The decoded vigenere-cipher says:

The next segment may be found at http colon slash slash www dot geocities dot com slash Times Square slash Arena slash two five two five slash vtpic dot jpg. Replace each colon, slash, dot, two, and five with the appropriate symbols, and remove all spaces, to get the address of the next segment. If you have trouble retrieving this file, ask and I will mail it to you direct. Turn off any feature that tries to automatically run attachments.

So, download vtpic.jpg

If you view this as a picture, it seems to contain a little bit of a picture which is then corrupted; it is possible that some software may not handle the file correctly. It was originally a picture from my C-project rendering program, showing the map of Acka as it once was, in a perspective view; only the tops of the towers of Vulcan Headquarters can still be seen.

If you examine the file in a text or binary editor, you will notice the reason why it is broken. In the middle of the file, part of it has been overwritten by a text file. The "turn off features that automatically run attachments" was meant to be a mild hint that the file was not all it was cooked up to be, and to try to prevent crashing people's computers. :-)

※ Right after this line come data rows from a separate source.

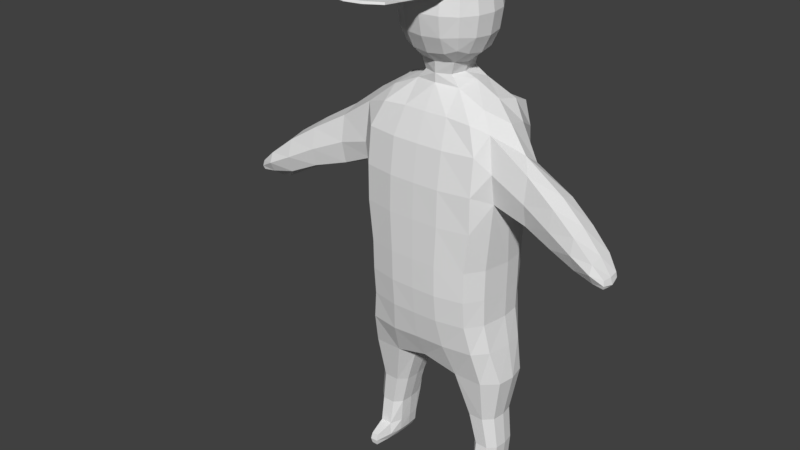 # Source: lumberjack.blend  (saved by Blender 2.79.0; exported with 4.5.12 LTS)
import bpy
from mathutils import Matrix  # noqa: F401  (used for matrix-valued properties, if any)

bpy.ops.wm.read_factory_settings(use_empty=True)
scene = bpy.context.scene
scene.name = 'Scene'

# ---- collections
col_collection_1 = bpy.data.collections.new('Collection 1'); scene.collection.children.link(col_collection_1)

# ---- world
world_world = bpy.data.worlds.new('World'); scene.world = world_world
world_world.color = (0.05088, 0.05088, 0.05088)
world_world.use_sun_shadow = False
world_world.sun_shadow_jitter_overblur = 0.0
world_world.cycles.sampling_method = 'MANUAL'

# ---- meshes
me_cube_004 = bpy.data.meshes.new('Cube.004')
me_cube_004.from_pydata([(0.7497, 0.445, 1.206), (0.7259, 1.352, 1.018), (0.7497, 1.085, 1.206), (0.7497, 1.514, 0.7076), (1.219, 1.097, 0.5159), (0.7601, 1.557, 0.5159), (0.7259, 0.1777, 1.018), (0.7497, 0.01601, 0.7076), (1.219, 0.4091, 0.5159), (1.017, 0.4688, 1.018), (1.178, 1.085, 0.7076), (1.178, 0.445, 0.7076), (1.017, 1.352, 0.68), (1.233, 0.7651, 0.7353), (1.017, 1.061, 1.018), (1.047, 1.384, 0.5159), (1.277, 0.753, 0.5159), (1.06, 0.7651, 1.068), (1.047, 0.1223, 0.5159), (0.9289, 1.264, 0.9158), (1.268, 0.7556, 0.5631), (0.7579, 1.547, 0.5571), (1.211, 0.4168, 0.5571), (1.211, 1.094, 0.5571), (1.04, 1.377, 0.5512), (0.7601, -0.05051, 0.5159), (0.7455, -0.7334, 0.5809), (1.032, -0.5606, 0.5809), (0.7432, -0.7191, 0.6221), (1.026, -0.5487, 0.6162), (0.457, 1.396, 1.068), (0.457, 1.614, 0.5159), (0.457, 0.4212, 1.269), (0.1642, 0.445, 1.206), (0.188, 1.352, 1.018), (0.1642, 1.514, 0.7076), (-0.3056, 1.097, 0.5159), (0.1538, 1.557, 0.5159), (0.457, -0.07045, 0.7451), (0.188, 0.1777, 1.018), (0.1642, 0.01601, 0.7076), (-0.3056, 0.4091, 0.5159), (-0.1029, 0.1777, 0.68), (-0.1029, 0.4688, 1.018), (-0.2645, 1.085, 0.7076), (0.457, 1.569, 0.7353), (-0.2645, 0.445, 0.7076), (-0.1029, 1.352, 0.68), (-0.319, 0.7651, 0.7353), (-0.1029, 1.061, 1.018), (-0.1329, 1.384, 0.5159), (-0.3634, 0.753, 0.5159), (-0.1463, 0.7651, 1.068), (-0.1329, 0.1223, 0.5159), (0.457, 0.1343, 1.068), (-0.015, 1.264, 0.9158), (-0.015, 0.2657, 0.9158), (-0.3539, 0.7556, 0.5631), (0.457, 1.605, 0.5631), (0.156, 1.547, 0.5571), (0.156, -0.03621, 0.5571), (-0.2968, 0.4168, 0.5571), (-0.2968, 1.094, 0.5571), (-0.1264, 1.377, 0.5512), (-0.1264, 0.1342, 0.5512), (0.1538, -0.05051, 0.5159), (0.457, -0.1404, 0.5257), (0.1685, -0.7334, 0.5809), (-0.1182, -0.5606, 0.5809), (0.457, -0.8233, 0.5907), (0.1707, -0.7191, 0.6221), (-0.1118, -0.5487, 0.6162), (0.457, -0.8083, 0.6379), (0.7497, 0.445, 1.206), (0.7735, 0.7651, 1.269), (0.7259, 1.352, 1.018), (0.7497, 1.085, 1.206), (0.7259, 0.1777, 1.018), (0.7497, 0.01601, 0.7076), (1.219, 0.4091, 0.5159), (1.017, 0.1777, 0.68), (1.017, 0.4688, 1.018), (1.178, 0.445, 0.7076), (1.017, 1.061, 1.018), (1.06, 0.7651, 1.068), (1.047, 0.1223, 0.5159), (0.9289, 0.2657, 0.9158), (0.7579, -0.03621, 0.5571), (1.211, 0.4168, 0.5571), (1.04, 0.1342, 0.5512), (1.032, -0.5606, 0.5809), (0.7432, -0.7191, 0.6221), (1.026, -0.5487, 0.6162), (0.457, 1.396, 1.068), (0.457, 0.4212, 1.269), (0.1642, 0.445, 1.206), (0.457, 1.109, 1.269), (0.1404, 0.7651, 1.269), (0.188, 1.352, 1.018), (0.1642, 1.085, 1.206), (0.457, -0.07045, 0.7451), (0.1642, 0.01601, 0.7076), (-0.1029, 0.4688, 1.018), (-0.2645, 1.085, 0.7076), (-0.319, 0.7651, 0.7353), (-0.1029, 1.061, 1.018), (-0.1463, 0.7651, 1.068), (0.457, 0.7651, 1.336), (-0.015, 1.264, 0.9158), (0.457, -0.1253, 0.5729), (0.156, -0.03621, 0.5571), (-0.1264, 0.1342, 0.5512), (0.1707, -0.7191, 0.6221), (-0.1118, -0.5487, 0.6162), (0.457, -0.8083, 0.6379)], [], [(7, 6, 54, 38), (11, 13, 17, 9), (22, 8, 16, 20), (10, 14, 17, 13), (10, 12, 19, 14), (23, 4, 15, 24), (23, 20, 16, 4), (21, 24, 15, 5), (3, 1, 19, 12), (3, 45, 30, 1), (21, 5, 31, 58), (2, 14, 19, 1), (0, 32, 54, 6), (3, 21, 58, 45), (3, 12, 24, 21), (10, 13, 20, 23), (10, 23, 24, 12), (11, 22, 20, 13), (25, 18, 27, 26), (28, 26, 27, 29), (28, 72, 69, 26), (66, 25, 26, 69), (40, 38, 54, 39), (40, 39, 56, 42), (61, 41, 53, 64), (46, 42, 56, 43), (46, 43, 52, 48), (61, 57, 51, 41), (44, 49, 55, 47), (62, 63, 50, 36), (62, 36, 51, 57), (59, 37, 50, 63), (35, 47, 55, 34), (35, 34, 30, 45), (59, 58, 31, 37), (33, 39, 54, 32), (33, 43, 56, 39), (35, 45, 58, 59), (35, 59, 63, 47), (44, 62, 57, 48), (44, 47, 63, 62), (46, 48, 57, 61), (46, 61, 64, 42), (40, 42, 64, 60), (65, 67, 68, 53), (70, 71, 68, 67), (70, 67, 69, 72), (53, 68, 71, 64), (66, 69, 67, 65), (78, 80, 86, 77), (88, 89, 85, 79), (82, 81, 86, 80), (76, 96, 107, 74), (76, 74, 84, 83), (76, 75, 93, 96), (73, 74, 107, 94), (73, 77, 86, 81), (73, 81, 84, 74), (82, 80, 89, 88), (78, 100, 109, 87), (78, 87, 89, 80), (89, 87, 91, 92), (87, 109, 114, 91), (85, 89, 92, 90), (103, 104, 106, 105), (99, 97, 107, 96), (99, 105, 106, 97), (99, 98, 108, 105), (99, 96, 93, 98), (95, 94, 107, 97), (95, 97, 106, 102), (101, 110, 109, 100), (111, 113, 112, 110), (110, 112, 114, 109)])
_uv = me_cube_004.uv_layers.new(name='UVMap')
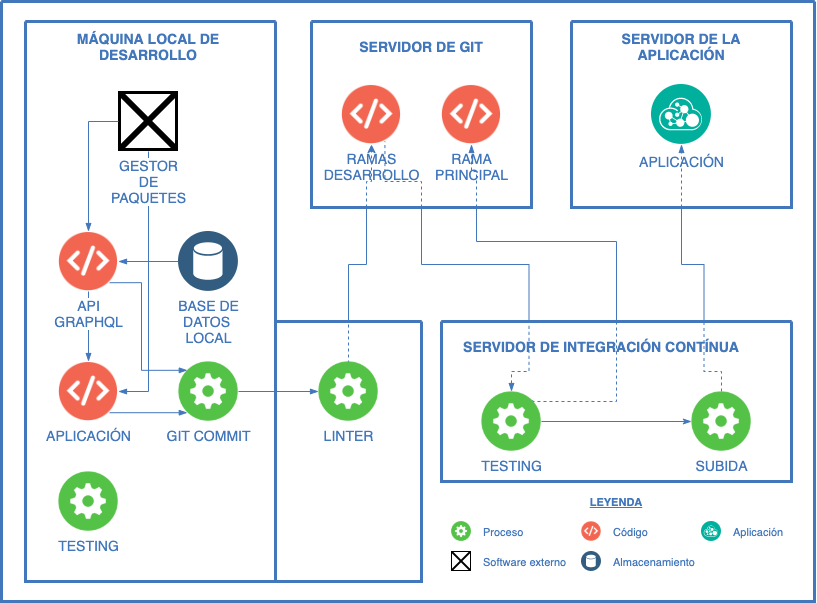

The diagram above was exported from draw.io. Its source (the exported page's mxGraphModel, read from the mxfile embedded in the PNG):
<mxGraphModel dx="788" dy="519" grid="1" gridSize="10" guides="1" tooltips="1" connect="1" arrows="1" fold="1" page="1" pageScale="1" pageWidth="1169" pageHeight="827" background="#ffffff" math="0" shadow="0">
  <root>
    <mxCell id="0" />
    <mxCell id="1" parent="0" />
    <mxCell id="2" value="" style="swimlane;shadow=0;strokeColor=#4277BB;fillColor=#ffffff;fontColor=#4277BB;align=right;startSize=0;collapsible=0;strokeWidth=3;" parent="1" vertex="1">
      <mxGeometry x="150" y="100" width="813" height="600" as="geometry" />
    </mxCell>
    <mxCell id="28" value="" style="swimlane;shadow=0;strokeColor=#4277BB;fillColor=#ffffff;fontColor=#4277BB;align=right;startSize=0;collapsible=0;strokeWidth=3;" parent="2" vertex="1">
      <mxGeometry x="24" y="20" width="250" height="560" as="geometry" />
    </mxCell>
    <mxCell id="87" value="BASE DE&lt;br&gt;DATOS&amp;nbsp;&lt;br&gt;LOCAL" style="aspect=fixed;perimeter=ellipsePerimeter;html=1;align=center;shadow=0;dashed=0;image;image=img/lib/ibm/data/data_services.svg;rounded=1;labelBackgroundColor=#ffffff;strokeColor=#666666;strokeWidth=3;fillColor=#C2952D;gradientColor=none;fontSize=14;fontColor=#4277BB;" parent="28" vertex="1">
      <mxGeometry x="153" y="210" width="60" height="60" as="geometry" />
    </mxCell>
    <mxCell id="LXTirhFBj_4oyxqfC8Et-117" value="&lt;b&gt;&lt;font color=&quot;#4277bb&quot; style=&quot;font-size: 14px&quot;&gt;MÁQUINA LOCAL DE DESARROLLO&lt;/font&gt;&lt;/b&gt;" style="text;html=1;strokeColor=none;fillColor=none;align=center;verticalAlign=middle;whiteSpace=wrap;rounded=0;" vertex="1" parent="28">
      <mxGeometry x="16" y="10" width="214" height="30" as="geometry" />
    </mxCell>
    <mxCell id="LXTirhFBj_4oyxqfC8Et-155" style="edgeStyle=orthogonalEdgeStyle;rounded=0;orthogonalLoop=1;jettySize=auto;html=1;exitX=0;exitY=0;exitDx=0;exitDy=0;entryX=1;entryY=1;entryDx=0;entryDy=0;startArrow=blockThin;startFill=1;endArrow=none;endFill=0;strokeColor=#4277bb;" edge="1" parent="28" source="LXTirhFBj_4oyxqfC8Et-129" target="LXTirhFBj_4oyxqfC8Et-135">
      <mxGeometry relative="1" as="geometry">
        <Array as="points">
          <mxPoint x="116" y="349" />
          <mxPoint x="116" y="261" />
        </Array>
      </mxGeometry>
    </mxCell>
    <mxCell id="LXTirhFBj_4oyxqfC8Et-157" style="edgeStyle=orthogonalEdgeStyle;rounded=0;orthogonalLoop=1;jettySize=auto;html=1;exitX=0;exitY=1;exitDx=0;exitDy=0;entryX=1;entryY=1;entryDx=0;entryDy=0;startArrow=blockThin;startFill=1;endArrow=none;endFill=0;strokeColor=#4277bb;" edge="1" parent="28" source="LXTirhFBj_4oyxqfC8Et-129" target="LXTirhFBj_4oyxqfC8Et-130">
      <mxGeometry relative="1" as="geometry" />
    </mxCell>
    <mxCell id="LXTirhFBj_4oyxqfC8Et-129" value="GIT COMMIT" style="aspect=fixed;perimeter=ellipsePerimeter;html=1;align=center;shadow=0;dashed=0;image;image=https://upload.wikimedia.org/wikipedia/commons/thumb/5/5f/Gear_green_icon.svg/768px-Gear_green_icon.svg.png;rounded=1;labelBackgroundColor=#ffffff;strokeColor=#666666;strokeWidth=3;fillColor=#C2952D;gradientColor=none;fontSize=14;fontColor=#4277BB;" vertex="1" parent="28">
      <mxGeometry x="153" y="340" width="60" height="60" as="geometry" />
    </mxCell>
    <mxCell id="LXTirhFBj_4oyxqfC8Et-150" style="edgeStyle=orthogonalEdgeStyle;rounded=0;orthogonalLoop=1;jettySize=auto;html=1;exitX=0.5;exitY=0;exitDx=0;exitDy=0;startArrow=blockThin;startFill=1;endArrow=none;endFill=0;strokeColor=#4277bb;" edge="1" parent="28" source="LXTirhFBj_4oyxqfC8Et-130" target="LXTirhFBj_4oyxqfC8Et-135">
      <mxGeometry relative="1" as="geometry" />
    </mxCell>
    <mxCell id="LXTirhFBj_4oyxqfC8Et-159" style="edgeStyle=orthogonalEdgeStyle;rounded=0;orthogonalLoop=1;jettySize=auto;html=1;exitX=1;exitY=0.5;exitDx=0;exitDy=0;entryX=0.5;entryY=1;entryDx=0;entryDy=0;startArrow=blockThin;startFill=1;endArrow=none;endFill=0;strokeColor=#4277bb;" edge="1" parent="28" source="LXTirhFBj_4oyxqfC8Et-130" target="LXTirhFBj_4oyxqfC8Et-134">
      <mxGeometry relative="1" as="geometry" />
    </mxCell>
    <mxCell id="LXTirhFBj_4oyxqfC8Et-130" value="APLICACIÓN" style="aspect=fixed;perimeter=ellipsePerimeter;html=1;align=center;shadow=0;dashed=0;image;image=https://icons.iconarchive.com/icons/thehoth/seo/256/seo-web-code-icon.png;rounded=1;labelBackgroundColor=#ffffff;strokeColor=#666666;strokeWidth=3;fillColor=#C2952D;gradientColor=none;fontSize=14;fontColor=#4277BB;" vertex="1" parent="28">
      <mxGeometry x="33" y="340" width="60" height="60" as="geometry" />
    </mxCell>
    <mxCell id="LXTirhFBj_4oyxqfC8Et-134" value="GESTOR&lt;br&gt;DE&lt;br&gt;PAQUETES" style="aspect=fixed;perimeter=ellipsePerimeter;html=1;align=center;shadow=0;dashed=0;image;image=https://www.hydronet.com/files/software-icon-30-300x300.png;rounded=1;labelBackgroundColor=#ffffff;strokeColor=#666666;strokeWidth=3;fillColor=#C2952D;gradientColor=none;fontSize=14;fontColor=#4277BB;" vertex="1" parent="28">
      <mxGeometry x="93" y="70" width="60" height="60" as="geometry" />
    </mxCell>
    <mxCell id="LXTirhFBj_4oyxqfC8Et-148" style="edgeStyle=orthogonalEdgeStyle;rounded=0;orthogonalLoop=1;jettySize=auto;html=1;exitX=1;exitY=0.5;exitDx=0;exitDy=0;entryX=0;entryY=0.5;entryDx=0;entryDy=0;endArrow=none;endFill=0;strokeColor=#4277bb;startArrow=blockThin;startFill=1;" edge="1" parent="28" source="LXTirhFBj_4oyxqfC8Et-135" target="87">
      <mxGeometry relative="1" as="geometry" />
    </mxCell>
    <mxCell id="LXTirhFBj_4oyxqfC8Et-158" style="edgeStyle=orthogonalEdgeStyle;rounded=0;orthogonalLoop=1;jettySize=auto;html=1;exitX=0.5;exitY=0;exitDx=0;exitDy=0;entryX=0;entryY=0.5;entryDx=0;entryDy=0;startArrow=blockThin;startFill=1;endArrow=none;endFill=0;strokeColor=#4277bb;" edge="1" parent="28" source="LXTirhFBj_4oyxqfC8Et-135" target="LXTirhFBj_4oyxqfC8Et-134">
      <mxGeometry relative="1" as="geometry" />
    </mxCell>
    <mxCell id="LXTirhFBj_4oyxqfC8Et-135" value="API&lt;br&gt;GRAPHQL" style="aspect=fixed;perimeter=ellipsePerimeter;html=1;align=center;shadow=0;dashed=0;image;image=https://icons.iconarchive.com/icons/thehoth/seo/256/seo-web-code-icon.png;rounded=1;labelBackgroundColor=#ffffff;strokeColor=#666666;strokeWidth=3;fillColor=#C2952D;gradientColor=none;fontSize=14;fontColor=#4277BB;" vertex="1" parent="28">
      <mxGeometry x="33" y="210" width="60" height="60" as="geometry" />
    </mxCell>
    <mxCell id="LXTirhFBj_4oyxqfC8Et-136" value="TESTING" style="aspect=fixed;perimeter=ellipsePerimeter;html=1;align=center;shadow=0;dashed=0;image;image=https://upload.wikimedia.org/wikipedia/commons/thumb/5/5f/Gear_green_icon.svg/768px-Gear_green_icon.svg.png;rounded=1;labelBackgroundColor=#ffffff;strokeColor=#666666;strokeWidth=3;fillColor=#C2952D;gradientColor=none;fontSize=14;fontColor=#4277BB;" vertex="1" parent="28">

The text file contains Viruses-style moves, with "GEN" appearing occasionally. If you start with a blank grid, and apply those moves, doing a life-generation at each GEN, you end up with all stable, recognized forms after the last generation (though a few are blinkers, beacons, or gliders). These shapes are arranged in neat rows, and they spell out a cryptogram, one word per row of shapes. The cryptogram decodes as the first sentence shown in the map below.

The key to the cryptogram is:

A: 3-ship
B: boat
C: 4-ship
D: tub
E: barge
F: 5-boat
G: glider
H: 4-boat
I: blinker
K: beehive
L: 3-boat
M: beacon
N: 5-barge
O: block
P: pond
R: fishhook
S: ship
T: 4-barge
U: loaf
W: pre-block on pre-block (two L-trominoes aligned so that they cannot fill)


The actual map is:


Ask Phoebe about the magickal land of Ckanth and post her wisdom regarding it. A player who does so will find the treasure. It is not necessary to solve all the puzzles to find the treasure, but doing so will certainly help! It *does* require that it is done in a real Phoebe's wisdom post by a player who has found her matchbox, though.